Editors built on the VS Code extension API run on a single Node.js thread shared with language services, file watchers, and UI updates. Without workers, a codebase analysis scanning 2,000 files or an embedding pipeline processing 500 chunks would freeze the editor for seconds (or minutes).

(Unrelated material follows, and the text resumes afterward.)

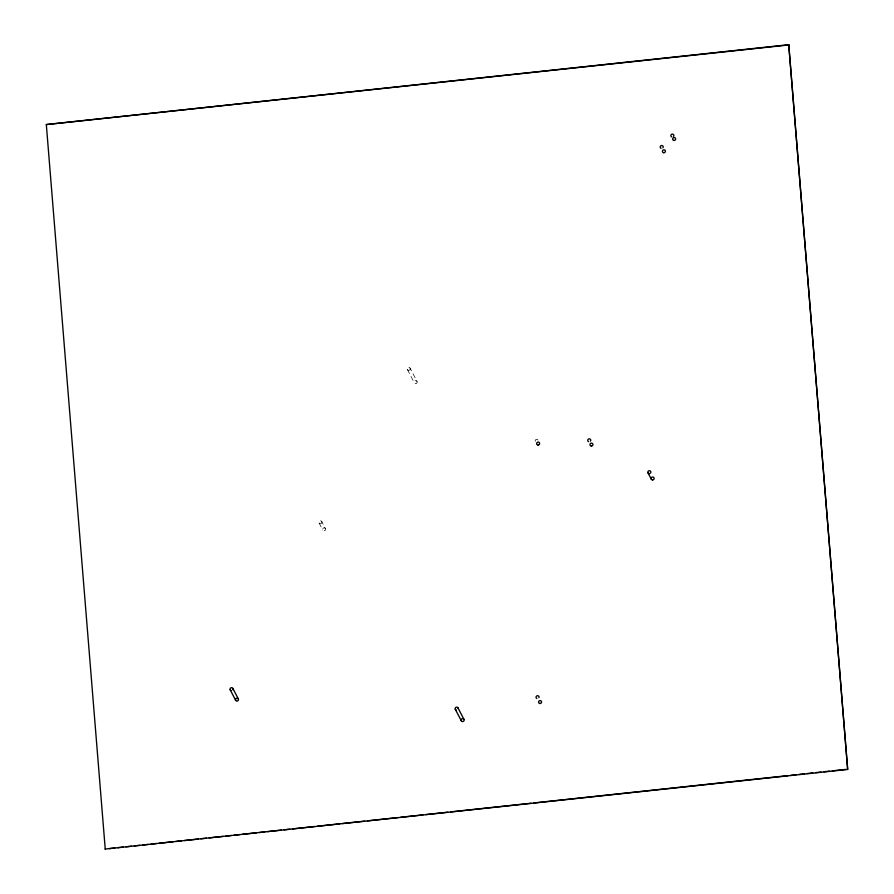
<?xml version="1.0" encoding="UTF-8"?>
<svg xmlns="http://www.w3.org/2000/svg" width="894" height="894" viewBox="0 0 894 894"><rect width="100%" height="100%" fill="white"/><g stroke="black" fill="none" stroke-linecap="round" stroke-linejoin="round"><path stroke-width="0.67" stroke-dasharray="4.47 3.35" d="M410.1 368.149A1.509 1.453 -27.5 0 1 408.647 370.306A1.509 1.453 -27.5 0 1 407.508 368.049A1.509 1.453 -27.5 0 1 410.1 368.149L417.04 381.481A1.509 1.453 -27.5 0 1 415.587 383.638A1.509 1.453 -27.5 0 1 414.447 381.392A1.509 1.453 -27.5 0 1 417.04 381.481M407.407 369.524L414.347 382.856M321.762 521.582A1.509 1.453 -27.5 0 1 320.309 523.739A1.509 1.453 -27.5 0 1 319.169 521.481A1.509 1.453 -27.5 0 1 321.762 521.582L325.45 528.667A1.509 1.453 -27.5 0 1 323.997 530.812A1.509 1.453 -27.5 0 1 322.857 528.566A1.509 1.453 -27.5 0 1 325.45 528.667M319.069 522.956L322.756 530.041M535.294 441.368A1.509 1.453 -27.5 0 1 536.177 439.457A1.509 1.453 -27.5 0 1 538.099 440.25"/><path stroke-width="1.34" d="M105.257 849.3L46.32 124.557L788.743 44.7L847.68 769.443L105.134 849.054M788.866 44.946L46.32 124.557M109.291 848.607L114.845 848.015M117.617 847.713L123.171 847.121M125.942 846.819L131.496 846.227M134.268 845.925L139.822 845.333M142.593 845.031L148.147 844.428M150.93 844.137L156.472 843.534M159.255 843.243L173.123 841.746M175.906 841.444L181.448 840.852M184.231 840.55L198.11 839.064M200.882 838.762L206.436 838.159M209.207 837.868L223.087 836.371M225.858 836.069L231.412 835.477M234.183 835.175L239.737 834.583M242.509 834.281L256.388 832.795M259.159 832.493L264.713 831.889M267.496 831.599L281.364 830.101M284.147 829.8L289.69 829.207M292.472 828.906L314.677 826.514M317.448 826.224L339.653 823.832M342.424 823.53L364.629 821.15M367.4 820.848L397.931 817.563M400.713 817.261L422.918 814.881M425.689 814.579L447.894 812.188M450.665 811.886L531.159 803.237M533.93 802.935L787.882 775.623M790.654 775.321L796.208 774.718M798.979 774.428L804.533 773.824M807.304 773.534L812.858 772.93M815.63 772.628L821.184 772.036M823.955 771.734L829.509 771.142M832.28 770.84L846.16 769.354M847.68 769.443L788.743 44.7M647.994 472.837L651.279 479.162M457.996 707.914L463.986 719.413A1.509 1.453 -27.5 0 1 462.533 721.57A1.509 1.453 -27.5 0 1 461.393 719.312A1.509 1.453 -27.5 0 1 463.986 719.413M455.303 709.288L461.293 720.787M232.887 688.458L238.34 698.929A1.509 1.453 -27.5 0 1 236.888 701.086A1.509 1.453 -27.5 0 1 235.748 698.84A1.509 1.453 -27.5 0 1 238.34 698.929M230.194 689.833L235.647 700.304M588.632 441.681A1.509 1.453 -27.5 0 1 587.883 439.692A1.509 1.453 -27.5 0 1 589.984 439.021A1.509 1.453 -27.5 0 1 590.453 441.1M231.099 690.559A1.509 1.453 -27.5 0 1 230.138 688.671A1.509 1.453 -27.5 0 1 232.172 687.799A1.509 1.453 -27.5 0 1 232.853 689.81M536.825 698.493A1.509 1.453 -27.5 0 1 536.21 696.571A1.509 1.453 -27.5 0 1 538.177 695.834A1.509 1.453 -27.5 0 1 538.926 697.711M456.353 710.048A1.509 1.453 -27.5 0 1 455.158 708.484A1.509 1.453 -27.5 0 1 456.678 707.132A1.509 1.453 -27.5 0 1 458.153 708.439M671.774 136.927A1.509 1.453 -27.5 0 1 671.014 134.938A1.509 1.453 -27.5 0 1 673.115 134.268A1.509 1.453 -27.5 0 1 673.595 136.346M649.457 473.619A1.509 1.453 -27.5 0 1 647.882 471.887A1.509 1.453 -27.5 0 1 650.083 470.859A1.509 1.453 -27.5 0 1 650.374 473.183M661.113 148.359A1.509 1.453 -27.5 0 1 660.353 146.37A1.509 1.453 -27.5 0 1 662.465 145.7A1.509 1.453 -27.5 0 1 662.935 147.778M591.336 446.05A1.509 1.453 -27.5 0 0 592.789 443.893A1.509 1.453 -27.5 0 0 590.196 443.804A1.509 1.453 -27.5 0 0 591.336 446.05M539.976 703.511A1.509 1.453 -27.5 0 0 541.418 701.354A1.509 1.453 -27.5 0 0 538.825 701.265A1.509 1.453 -27.5 0 0 539.976 703.511M674.054 140.47A1.509 1.453 -27.5 0 0 675.495 138.313A1.509 1.453 -27.5 0 0 672.903 138.224A1.509 1.453 -27.5 0 0 674.054 140.47M652.531 479.933A1.509 1.453 -27.5 0 0 653.972 477.787A1.509 1.453 -27.5 0 0 651.38 477.687A1.509 1.453 -27.5 0 0 652.531 479.933M538.032 445.033A1.509 1.453 -27.5 0 0 539.484 442.876A1.509 1.453 -27.5 0 0 536.892 442.787A1.509 1.453 -27.5 0 0 538.032 445.033M663.817 152.718A1.509 1.453 -27.5 0 0 665.259 150.561A1.509 1.453 -27.5 0 0 662.666 150.471A1.509 1.453 -27.5 0 0 663.817 152.718"/></g></svg>

CodeBuddy offloads all heavy computation to worker_threads, keeping the main thread free for:

  • Responding to keystrokes and cursor movements
  • Processing webview messages (chat panel)
  • Handling file-system events
  • Serving inline completions
sequenceDiagram participant UI as Editor Main Thread participant CW as Codebase Analysis Worker participant AW as AST Analyzer Worker participant EW as Embedding Worker Pool participant CH as Chat History Worker participant DB as SQLite (WASM) Note over UI: User triggers "Index Workspace" UI->>CW: postMessage({ type: ANALYZE_CODEBASE }) activate CW CW->>CW: Scan files, detect frameworks CW->>CW: Initialize Tree-sitter (WASM) CW->>CW: Parse AST, extract endpoints,<br/>models, imports, call graph CW-->>UI: postMessage({ type: ANALYSIS_PROGRESS }) CW->>CW: Detect architecture & middleware CW-->>UI: postMessage({ type: ANALYSIS_COMPLETE }) deactivate CW UI->>AW: postMessage({ type: INDEX_FILE }) activate AW AW->>AW: Chunk file (1000 chars, 200 overlap) AW-->>UI: postMessage({ type: RESULT, chunks }) deactivate AW UI->>EW: postMessage({ type: generateBatch }) activate EW EW->>EW: Embed via Google Generative AI EW-->>UI: postMessage({ progress: 60% }) EW-->>UI: postMessage({ success: true, data }) deactivate EW UI->>CH: processRequest(ADD_CHAT_MESSAGE) activate CH CH->>DB: INSERT INTO messages CH-->>UI: { success: true } deactivate CH

CodeBuddy ships with four dedicated workers and one async-simulated worker:

WorkerFileThread typePurpose
Codebase Analysissrc/workers/codebase-analysis.worker.tsworker_threadsFull-project analysis: frameworks, dependencies, endpoints, models, architecture, call graph, middleware
AST Analyzersrc/workers/ast-analyzer.worker.tsworker_threadsFile-level chunking for the vector index; Tree-sitter parsing with text-based fallback
Embeddingsrc/workers/embedding-worker.tsworker_threads (pooled)Embedding generation via Google Generative AI; round-robin worker pool
Vector DBsrc/workers/vector-db-worker.tsManager classLanceDB operations — indexing, search, deletion, stats (migrating from ChromaDB)
Chat Historysrc/services/chat-history-worker.tsAsync classSQLite-backed chat persistence — sessions, messages, summaries, cleanup

The heaviest worker. Spawned when you run CodeBuddy: Analyze Codebase or when the auto-analysis system detects significant workspace changes.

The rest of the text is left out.